My Current Split is:

Euro 65%
Celtic 15%
China 10%
Japan 5 %
Bio 5%.


----------



## Abbeykiller (8 Jan 2007)

As per your sentiment (but not your % s!) gravitygirl , I am now 0% in Irish shares due to the fact that with a job, house and pension here, I am invested enough in this market ....


----------



## ClubMan (8 Jan 2007)

Good point about not putting most or all of your eggs in one basket!


----------



## Guest122 (8 Jan 2007)

Currently have a mix of 
Euro 33%
UK 33%
US 33%

But hope to invest some more into China, Japan and Latin America in the coming year to bring my investments to Euro 25%, UK 25%, US 25% others above 25%

BB


----------



## slave1 (8 Jan 2007)

even spread, 8% return over last 11 months


----------



## pator (15 Jan 2007)

Am thinking of going with

Euro 40%
Celtic 35%
US 10%
Japan 5%
China 5%
Emerging 5%

Could this be considered a medium risk strategy? 
Am going with initial investment and lodgements every 2/3 months.  
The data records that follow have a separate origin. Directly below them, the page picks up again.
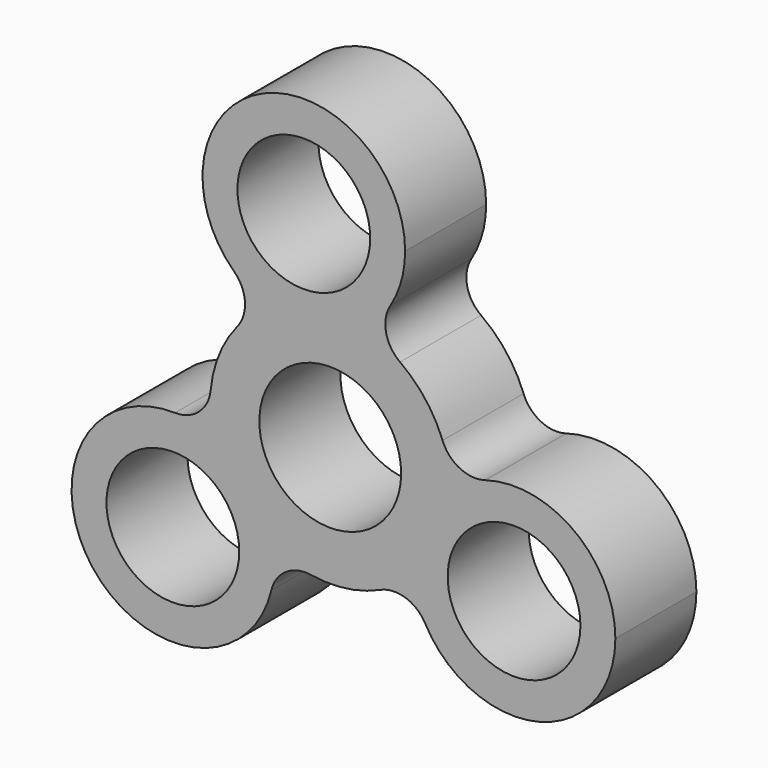
from build123d import *

# Parameters (mm, degrees)
F0_R     = 16.384259
F0_R_2   = 17.5
F1_DEPTH = 12.5
F2_R     = 8.649199


with BuildPart() as f1:
    # F0 (on Front) → F1 (new body, symmetric)
    with BuildSketch(Plane.XZ):
        with BuildLine():
            ThreePointArc((-15.490652, 25.284254), (-3.942062, 29.38901), (8.280022, 28.472707))
            ThreePointArc((8.280022, 28.472707), (15.783572, 37.329275), (18.478414, 48.619974))
            ThreePointArc((18.478414, 48.619974), (-20.677386, 69.226122), (-15.490652, 25.284254))
        make_face()
        with Locations((-6.521586, 48.619974)):
            Circle(F0_R, mode=Mode.SUBTRACT)
        with BuildLine():
            ThreePointArc((20.518076, -21.407063), (22.246679, -9.151388), (29.642132, 0.773171))
            ThreePointArc((29.642132, 0.773171), (23.480598, 18.108431), (8.280022, 28.472707))
            ThreePointArc((8.280022, 28.472707), (-3.198005, 23.841883), (-15.490652, 25.284254))
            ThreePointArc((-15.490652, 25.284254), (-27.422661, 11.280579), (-28.798098, -7.065644))
            ThreePointArc((-28.798098, -7.065644), (-19.048674, -14.690495), (-14.15148, -26.057425))
            ThreePointArc((-14.15148, -26.057425), (3.942062, -29.38901), (20.518076, -21.407063))
        make_face()
        Circle(F0_R_2, mode=Mode.SUBTRACT)
        with BuildLine():
            ThreePointArc((-15.490652, 25.284254), (-3.198005, 23.841883), (8.280022, 28.472707))
            ThreePointArc((8.280022, 28.472707), (-3.942062, 29.38901), (-15.490652, 25.284254))
        make_face()
        with BuildLine():
            ThreePointArc((-13.84534, -29.957847), (-13.921992, -28.001638), (-14.15148, -26.057425))
            ThreePointArc((-14.15148, -26.057425), (-23.480598, -18.108431), (-28.798098, -7.065644))
            ThreePointArc((-28.798098, -7.065644), (-59.775952, -43.629331), (-13.84534, -29.957847))
        make_face()
        with Locations((-38.84534, -29.957847)):
            Circle(F0_R, mode=Mode.SUBTRACT)
        with BuildLine():
            ThreePointArc((29.642132, 0.773171), (29.649693, 0.386619), (29.652214, 0))
            ThreePointArc((29.652214, 0), (27.273249, -11.637169), (20.518076, -21.407063))
            ThreePointArc((20.518076, -21.407063), (46.741473, -43.624312), (70.366926, -18.662128))
            ThreePointArc((70.366926, -18.662128), (56.134473, 3.900229), (29.642132, 0.773171))
        make_face()
        with Locations((45.366926, -18.662128)):
            Circle(F0_R, mode=Mode.SUBTRACT)
        with BuildLine():
            ThreePointArc((20.518076, -21.407063), (27.273249, -11.637169), (29.652214, 0))
            ThreePointArc((29.652214, 0), (29.649693, 0.386619), (29.642132, 0.773171))
            ThreePointArc((29.642132, 0.773171), (22.246679, -9.151388), (20.518076, -21.407063))
        make_face()
        with BuildLine():
            ThreePointArc((-28.798098, -7.065644), (-23.480598, -18.108431), (-14.15148, -26.057425))
            ThreePointArc((-14.15148, -26.057425), (-19.048674, -14.690495), (-28.798098, -7.065644))
        make_face()
    extrude(amount=F1_DEPTH, both=True)

    # F2
    f2_edges = [f1.edges().sort_by_distance(p)[0] for p in [
        (-28.798098, 0, -7.065644),
        (-15.490652, 0, 25.284254),
        (-14.15148, 0, -26.057425),
        (20.518076, 0, -21.407063),
        (8.280022, 0, 28.472707),
        (29.642132, 0, 0.773171),
    ]]
    fillet(f2_edges, radius=F2_R)


solid = f1.part

If I decided I'd like to take a risk, does it make sense to open a sperate fund and invest say €4k in Biotech freeway for eg?    This then does not effect my main fund


----------



## Billo (15 Jan 2007)

I have

50% Euro
50% Celtic

I had intended to reduce the Celtic amount, but the returns have been very good so it has stayed at 50% so far. Hope it continues.

Billo


----------



## RainyDay (15 Jan 2007)

pator said:


> If I decided I'd like to take a risk, does it make sense to open a sperate fund and invest say €4k in Biotech freeway for eg?    This then does not effect my main fund


No - this makes no sense. Any gains or losses in the Biotech will have the same overall financial impact on you, regardless of whether it is in a seperate fund or not.


----------



## Omega (17 Jan 2007)

What advantage is there to having a savings account structured as a life assurance policy, since Quinn LIfe, for example, still charge a Revenue exit tax of 23%?


----------



## ClubMan (17 Jan 2007)

Do you mean compared to a deposit account that only charges 20% _DIRT_? The main advantage is that a unit linked fund should over the medium/long term far outperform deposits (depending on what specific fund and risk/reward profile you go for).


----------



## Omega (17 Jan 2007)

No, I meant what is the advantage of having it structured specifically as a life assurance policy?


----------



## ClubMan (17 Jan 2007)

Most or all unit linked funds are structured as _LA _policies. Not sure why.


----------



## ClubMan (17 Jan 2007)

SPC100 said:


> Note there is now an 8(?) yr rule which limits the usefullnes of Gross Roll Up.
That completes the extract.